In other words, what you repeatedly do (i.e. what you spend time thinking about and doing each day) forms your habit. Habit forms character and character determines destiny, Mind character and personality volume 2 page chapter 72.
Tip #2 Understand and use the 3 Rs of Habit change
For example, your smartphone pings (Reminder), You touch the screen or press a button (Routine), and You find out who the message is from (Reward). If the reward is satisfying, you will likely repeat it again next time. Follow this same cycle enough times and you'll stop thinking about it. Your behaviour will become a habit.

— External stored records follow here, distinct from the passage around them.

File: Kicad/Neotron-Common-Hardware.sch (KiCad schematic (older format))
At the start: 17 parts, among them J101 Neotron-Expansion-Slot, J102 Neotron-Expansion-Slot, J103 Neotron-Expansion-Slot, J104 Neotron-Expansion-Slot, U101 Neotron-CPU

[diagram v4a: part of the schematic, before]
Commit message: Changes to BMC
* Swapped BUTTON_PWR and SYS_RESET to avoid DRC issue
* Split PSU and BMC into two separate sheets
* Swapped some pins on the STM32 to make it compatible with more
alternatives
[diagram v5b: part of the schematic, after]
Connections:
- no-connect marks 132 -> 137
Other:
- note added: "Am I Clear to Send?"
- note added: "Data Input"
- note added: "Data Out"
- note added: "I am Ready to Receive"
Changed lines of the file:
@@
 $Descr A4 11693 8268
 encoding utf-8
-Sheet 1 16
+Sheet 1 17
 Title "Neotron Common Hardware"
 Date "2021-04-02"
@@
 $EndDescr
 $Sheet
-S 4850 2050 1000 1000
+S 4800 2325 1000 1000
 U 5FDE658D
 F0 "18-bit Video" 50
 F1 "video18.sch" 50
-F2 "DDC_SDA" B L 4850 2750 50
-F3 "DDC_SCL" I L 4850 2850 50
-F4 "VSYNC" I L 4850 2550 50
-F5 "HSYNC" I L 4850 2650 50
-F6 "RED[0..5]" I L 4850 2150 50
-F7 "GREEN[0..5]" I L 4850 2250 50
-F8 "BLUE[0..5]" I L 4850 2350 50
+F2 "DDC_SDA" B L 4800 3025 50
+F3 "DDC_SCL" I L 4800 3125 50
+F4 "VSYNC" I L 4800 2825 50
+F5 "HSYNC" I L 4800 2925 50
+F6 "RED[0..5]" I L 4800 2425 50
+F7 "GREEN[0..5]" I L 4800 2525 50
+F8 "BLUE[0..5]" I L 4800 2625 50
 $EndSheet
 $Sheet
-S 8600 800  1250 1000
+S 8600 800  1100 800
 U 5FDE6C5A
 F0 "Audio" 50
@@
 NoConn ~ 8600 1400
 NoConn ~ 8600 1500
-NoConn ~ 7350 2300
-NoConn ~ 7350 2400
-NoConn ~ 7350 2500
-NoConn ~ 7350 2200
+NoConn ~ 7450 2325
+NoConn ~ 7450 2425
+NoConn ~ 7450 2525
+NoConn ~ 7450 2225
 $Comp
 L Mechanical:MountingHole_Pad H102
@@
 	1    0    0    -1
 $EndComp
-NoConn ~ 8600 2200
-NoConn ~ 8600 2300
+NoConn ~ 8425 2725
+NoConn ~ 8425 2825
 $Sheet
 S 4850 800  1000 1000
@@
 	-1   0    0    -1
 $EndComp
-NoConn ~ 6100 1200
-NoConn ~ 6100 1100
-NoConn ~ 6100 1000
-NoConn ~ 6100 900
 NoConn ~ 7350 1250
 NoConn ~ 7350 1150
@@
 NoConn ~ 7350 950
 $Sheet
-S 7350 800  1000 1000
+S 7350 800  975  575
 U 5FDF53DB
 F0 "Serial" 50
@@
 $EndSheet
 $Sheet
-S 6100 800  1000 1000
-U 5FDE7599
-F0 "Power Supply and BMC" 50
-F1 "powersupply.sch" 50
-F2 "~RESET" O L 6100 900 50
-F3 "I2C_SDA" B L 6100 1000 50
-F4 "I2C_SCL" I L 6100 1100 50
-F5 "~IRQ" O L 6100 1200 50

Tip #3 Use a current habit as the reminder for your new one
What new habit do you need to form? Is it exercising, eating healthy, or giving up smoking? And what's going to help you achieve your goal? Is it motivation or is it self-control? It is neither!
Why would you want to rely on motivation (something that changes) to create a new habit (something that you want to be consistent)?
Here's how you do it. Simply use the R of Reminder (the trigger of your new behaviour) as the foundation for change. A good reminder makes it easier for you to start your habit by encoding your new behaviour in something you already do, rather than relying on motivation.
For example, to make a habit of exercising, I used the fact that I shower before going to work to remind myself to exercise. To make things easier, I found sets of simple exercises on google and saved them on my phone, so I don’t have to leave my dressing room to exercise. For me, having a shower is a reminder to exercise in the morning. I keep it simple stupid!
Tip #4 How do you choose a reminder?
Write 2 lists, List one: What you do every day without fail, List two: Things that happen to you each day.
List No. 1: For example, this is what I do every morning.
Drink hot water
Water banana plants, veggies, herbs and flowers
Clean my office
Put shoes on
Video conference with my mum and 26yr old son at the end of the day
So, watering my bananas reminds me to run on the spot. Drinking water reminds me to meditate. Cleaning my teeth reminds me to do 2 minutes of squats to strengthen my pelvic floor. Having supper reminds me to sit straight. Video conferencing reminds me to stand up and keep moving. You see how easy it is, I can form whatever new habit I want because I already have reminders (or systems in place) to remind me. Another example is having an attitude of gratitude. When I sit down for dinner, it is a reminder to think of 3 things that I am Pleased about, Thankful for and Happy about. I call it having an attitude of PTH.
Remember, all your existing habits are powerful reminders for forming new habits!
In list No. 2: Write down things that happen to you each day. For example, I get emails, text messages, Facebook messages, the sun rises, the sun sets and so forth. These events can also act as triggers for my new habit. For example, When I read an email, I stand up and do five squats per email.
Tip #5 Make your habit Simple Stupid to start with.
Make it so easy you can’t say no. —Leo Babauta.
So you want to lose weight or be as fit as the athletes on TV, in the words of Leo Babauta, make it so easy you can’t say no, start small.
For example, if you want to strengthen your pelvic floor with squats, start with only one squat! If you need to drink water first thing in the morning because you know it’s good for you, start with only one sip.
In the beginning, performance doesn’t matter. What does matter is becoming the type of person who always sticks to your new habit – no matter how small or insignificant it seems. You can build up to the level of performance that you want once the behaviour becomes consistent.